● **To do**
Each line below from the one containing "#88=CARTESIAN_POINT('',(0.,0.,-9.99999999999091));" through the one containing "#115=CIRCLE('',#114,2.5349999999662);" is to be given again exactly, and no line outside that span.

● **Given records**
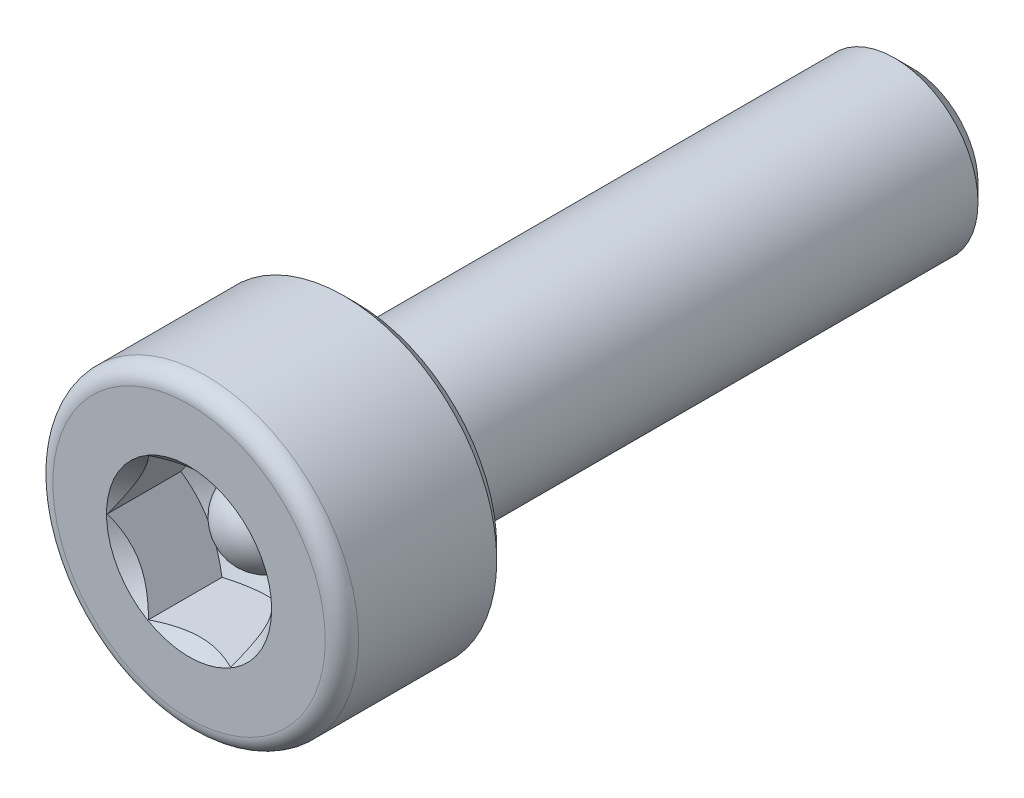
ISO-10303-21;
HEADER;
FILE_DESCRIPTION(('STEP AP214'),'2;1');
FILE_NAME('part.step','',(''),(''),'','','');
FILE_SCHEMA(('AUTOMOTIVE_DESIGN { 1 0 10303 214 1 1 1 1 }'));
ENDSEC;
DATA;
#1=APPLICATION_CONTEXT('core data for automotive mechanical design processes');
#2=APPLICATION_PROTOCOL_DEFINITION('international standard','automotive_design',2000,#1);
#3=PRODUCT_CONTEXT('',#1,'mechanical');
#4=PRODUCT('Part','Part','',(#3));
#5=PRODUCT_RELATED_PRODUCT_CATEGORY('part','',(#4));
#6=PRODUCT_DEFINITION_FORMATION('','',#4);
#7=PRODUCT_DEFINITION_CONTEXT('part definition',#1,'design');
#8=PRODUCT_DEFINITION('design','',#6,#7);
#9=PRODUCT_DEFINITION_SHAPE('','',#8);
#10=(LENGTH_UNIT() NAMED_UNIT(*) SI_UNIT(.MILLI.,.METRE.));
#11=(NAMED_UNIT(*) PLANE_ANGLE_UNIT() SI_UNIT($,.RADIAN.));
#12=(NAMED_UNIT(*) SI_UNIT($,.STERADIAN.) SOLID_ANGLE_UNIT());
#13=UNCERTAINTY_MEASURE_WITH_UNIT(LENGTH_MEASURE(1.E-05),#10,'distance_accuracy_value','');
#14=(GEOMETRIC_REPRESENTATION_CONTEXT(3) GLOBAL_UNCERTAINTY_ASSIGNED_CONTEXT((#13)) GLOBAL_UNIT_ASSIGNED_CONTEXT((#10,
#11,#12)) REPRESENTATION_CONTEXT('',''));
#15=CARTESIAN_POINT('',(0.,0.,0.));
#16=DIRECTION('',(0.,0.,1.));
#17=DIRECTION('',(1.,0.,0.));
#18=AXIS2_PLACEMENT_3D('',#15,#16,#17);
#19=CARTESIAN_POINT('',(0.,0.,1.615850938766));
#20=DIRECTION('',(1.,0.,0.));
#21=DIRECTION('',(0.,-1.,0.));
#22=AXIS2_PLACEMENT_3D('',#19,#20,#21);
#23=SPHERICAL_SURFACE('',#22,0.739008344563);
#24=CARTESIAN_POINT('',(0.739008344562999,0.,1.615850938766));
#25=VERTEX_POINT('',#24);
#26=VERTEX_LOOP('',#25);
#27=FACE_BOUND('',#26,.T.);
#28=CARTESIAN_POINT('',(-0.739008344563001,0.,1.615850938766));
#29=VERTEX_POINT('',#28);
#30=VERTEX_LOOP('',#29);
#31=FACE_BOUND('',#30,.T.);
#32=ADVANCED_FACE('P0_F16',(#27,#31),#23,.T.);
#33=CLOSED_SHELL('',(#32));
#34=MANIFOLD_SOLID_BREP('P0_B1',#33);
#35=CARTESIAN_POINT('',(0.,0.,-0.1));
#36=DIRECTION('',(0.,0.,-1.));
#37=DIRECTION('',(-1.,0.,0.));
#38=AXIS2_PLACEMENT_3D('',#35,#36,#37);
#39=CYLINDRICAL_SURFACE('',#38,1.5);
#40=CARTESIAN_POINT('',(0.,0.,-9.693282669493));
#41=DIRECTION('',(0.,0.,-1.));
#42=DIRECTION('',(-1.,0.,0.));
#43=AXIS2_PLACEMENT_3D('',#40,#41,#42);
#44=CIRCLE('',#43,1.5);
#45=CARTESIAN_POINT('',(-1.5,0.,-9.693282669493));
#46=VERTEX_POINT('',#45);
#47=EDGE_CURVE('P1_E30',#46,#46,#44,.F.);
#48=ORIENTED_EDGE('',*,*,#47,.T.);
#49=EDGE_LOOP('',(#48));
#50=FACE_BOUND('',#49,.T.);
#51=CARTESIAN_POINT('',(0.,0.,-0.1));
#52=DIRECTION('',(0.,0.,-1.));
#53=DIRECTION('',(-1.,0.,0.));
#54=AXIS2_PLACEMENT_3D('',#51,#52,#53);
#55=CIRCLE('',#54,1.5);
#56=CARTESIAN_POINT('',(-1.5,0.,-0.1));
#57=VERTEX_POINT('',#56);
#58=EDGE_CURVE('P1_E11',#57,#57,#55,.T.);
#59=ORIENTED_EDGE('',*,*,#58,.T.);
#60=EDGE_LOOP('',(#59));
#61=FACE_BOUND('',#60,.T.);
#62=ADVANCED_FACE('P1_F17',(#50,#61),#39,.T.);
#63=CARTESIAN_POINT('',(0.,0.,-0.1));
#64=DIRECTION('',(0.,0.,-1.));
#65=DIRECTION('',(1.,0.,0.));
#66=AXIS2_PLACEMENT_3D('',#63,#64,#65);
#67=TOROIDAL_SURFACE('',#66,1.6,0.1);
#68=ORIENTED_EDGE('',*,*,#58,.F.);
#69=EDGE_LOOP('',(#68));
#70=FACE_BOUND('',#69,.T.);
#71=CARTESIAN_POINT('',(0.,0.,0.));
#72=DIRECTION('',(0.,0.,-1.));
#73=DIRECTION('',(1.,0.,0.));
#74=AXIS2_PLACEMENT_3D('',#71,#72,#73);
#75=CIRCLE('',#74,1.6);
#76=CARTESIAN_POINT('',(1.6,0.,0.));
#77=VERTEX_POINT('',#76);
#78=EDGE_CURVE('P1_E123',#77,#77,#75,.F.);
#79=ORIENTED_EDGE('',*,*,#78,.F.);
#80=EDGE_LOOP('',(#79));
#81=FACE_BOUND('',#80,.T.);
#82=ADVANCED_FACE('P1_F295',(#70,#81),#67,.F.);
#83=CARTESIAN_POINT('',(0.,0.,-9.69328266961611));
#84=DIRECTION('',(0.,0.,1.));
#85=DIRECTION('',(1.,0.,0.));
#86=AXIS2_PLACEMENT_3D('',#83,#84,#85);
#87=CONICAL_SURFACE('',#86,1.49999999990769,0.785398163397448);
#88=CARTESIAN_POINT('',(0.,0.,-9.99999999999091));
#89=DIRECTION('',(0.,0.,1.));
#90=DIRECTION('',(1.,0.,0.));
#91=AXIS2_PLACEMENT_3D('',#88,#89,#90);
#92=CIRCLE('',#91,1.19328266953289);
#93=CARTESIAN_POINT('',(1.19328266953289,0.,-9.99999999999091));
#94=VERTEX_POINT('',#93);
#95=EDGE_CURVE('P1_E120',#94,#94,#92,.T.);
#96=ORIENTED_EDGE('',*,*,#95,.T.);
#97=EDGE_LOOP('',(#96));
#98=FACE_BOUND('',#97,.T.);
#99=ORIENTED_EDGE('',*,*,#47,.F.);
#100=EDGE_LOOP('',(#99));
#101=FACE_BOUND('',#100,.T.);
#102=ADVANCED_FACE('P1_F286',(#98,#101),#87,.T.);
#103=CARTESIAN_POINT('',(0.,0.,0.));
#104=DIRECTION('',(0.,0.,1.));
#105=DIRECTION('',(1.,0.,0.));
#106=AXIS2_PLACEMENT_3D('',#103,#104,#105);
#107=PLANE('',#106);
#108=ORIENTED_EDGE('',*,*,#78,.T.);
#109=EDGE_LOOP('',(#108));
#110=FACE_BOUND('',#109,.T.);
#111=CARTESIAN_POINT('',(0.,0.,0.));
#112=DIRECTION('',(0.,0.,1.));
#113=DIRECTION('',(1.,0.,0.));
#114=AXIS2_PLACEMENT_3D('',#111,#112,#113);
#115=CIRCLE('',#114,2.5349999999662);
#116=CARTESIAN_POINT('',(2.5349999999662,0.,0.));
#117=VERTEX_POINT('',#116);
#118=EDGE_CURVE('P1_E124',#117,#117,#115,.T.);
#119=ORIENTED_EDGE('',*,*,#118,.F.);
#120=EDGE_LOOP('',(#119));
#121=FACE_BOUND('',#120,.T.);
#122=ADVANCED_FACE('P1_F277',(#110,#121),#107,.F.);
#123=CARTESIAN_POINT('',(0.,0.,-10.));
#124=DIRECTION('',(0.,0.,1.));
#125=DIRECTION('',(1.,0.,0.));
#126=AXIS2_PLACEMENT_3D('',#123,#124,#125);
#127=PLANE('',#126);
#128=ORIENTED_EDGE('',*,*,#95,.F.);
#129=EDGE_LOOP('',(#128));
#130=FACE_BOUND('',#129,.T.);
#131=ADVANCED_FACE('P1_F268',(#130),#127,.F.);
#132=CARTESIAN_POINT('',(0.,0.,0.215000000025612));
#133=DIRECTION('',(0.,0.,1.));
#134=DIRECTION('',(1.,0.,0.));
#135=AXIS2_PLACEMENT_3D('',#132,#133,#134);
#136=CONICAL_SURFACE('',#135,2.74999999993497,0.785398163265254);
#137=ORIENTED_EDGE('',*,*,#118,.T.);
#138=EDGE_LOOP('',(#137));
#139=FACE_BOUND('',#138,.T.);
#140=CARTESIAN_POINT('',(0.,0.,0.215000000025612));
#141=DIRECTION('',(0.,0.,1.));
#142=DIRECTION('',(1.,0.,0.));
#143=AXIS2_PLACEMENT_3D('',#140,#141,#142);
#144=CIRCLE('',#143,2.74999999993497);
#145=CARTESIAN_POINT('',(2.74999999993497,0.,0.215000000025612));
#146=VERTEX_POINT('',#145);
#147=EDGE_CURVE('P1_E127',#146,#146,#144,.F.);
#148=ORIENTED_EDGE('',*,*,#147,.T.);
#149=EDGE_LOOP('',(#148));
#150=FACE_BOUND('',#149,.T.);
#151=ADVANCED_FACE('P1_F259',(#139,#150),#136,.T.);
#152=CARTESIAN_POINT('',(0.,0.,2.7));
#153=DIRECTION('',(0.,0.,-1.));
#154=DIRECTION('',(-1.,0.,0.));
#155=AXIS2_PLACEMENT_3D('',#152,#153,#154);
#156=CYLINDRICAL_SURFACE('',#155,2.75);
#157=ORIENTED_EDGE('',*,*,#147,.F.);
#158=EDGE_LOOP('',(#157));
#159=FACE_BOUND('',#158,.T.);
#160=CARTESIAN_POINT('',(0.,0.,2.7));
#161=DIRECTION('',(0.,0.,-1.));
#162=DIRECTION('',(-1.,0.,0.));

● **Answer space**
#88=CARTESIAN_POINT('',(0.,0.,-9.99999999999091));
#89=DIRECTION('',(0.,0.,1.));
#90=DIRECTION('',(1.,0.,0.));
#91=AXIS2_PLACEMENT_3D('',#88,#89,#90);
#92=CIRCLE('',#91,1.19328266953289);
#93=CARTESIAN_POINT('',(1.19328266953289,0.,-9.99999999999091));
#94=VERTEX_POINT('',#93);
#95=EDGE_CURVE('P1_E120',#94,#94,#92,.T.);
#96=ORIENTED_EDGE('',*,*,#95,.T.);
#97=EDGE_LOOP('',(#96));
#98=FACE_BOUND('',#97,.T.);
#99=ORIENTED_EDGE('',*,*,#47,.F.);
#100=EDGE_LOOP('',(#99));
#101=FACE_BOUND('',#100,.T.);
#102=ADVANCED_FACE('P1_F286',(#98,#101),#87,.T.);
#103=CARTESIAN_POINT('',(0.,0.,0.));
#104=DIRECTION('',(0.,0.,1.));
#105=DIRECTION('',(1.,0.,0.));
#106=AXIS2_PLACEMENT_3D('',#103,#104,#105);
#107=PLANE('',#106);
#108=ORIENTED_EDGE('',*,*,#78,.T.);
#109=EDGE_LOOP('',(#108));
#110=FACE_BOUND('',#109,.T.);
#111=CARTESIAN_POINT('',(0.,0.,0.));
#112=DIRECTION('',(0.,0.,1.));
#113=DIRECTION('',(1.,0.,0.));
#114=AXIS2_PLACEMENT_3D('',#111,#112,#113);
#115=CIRCLE('',#114,2.5349999999662);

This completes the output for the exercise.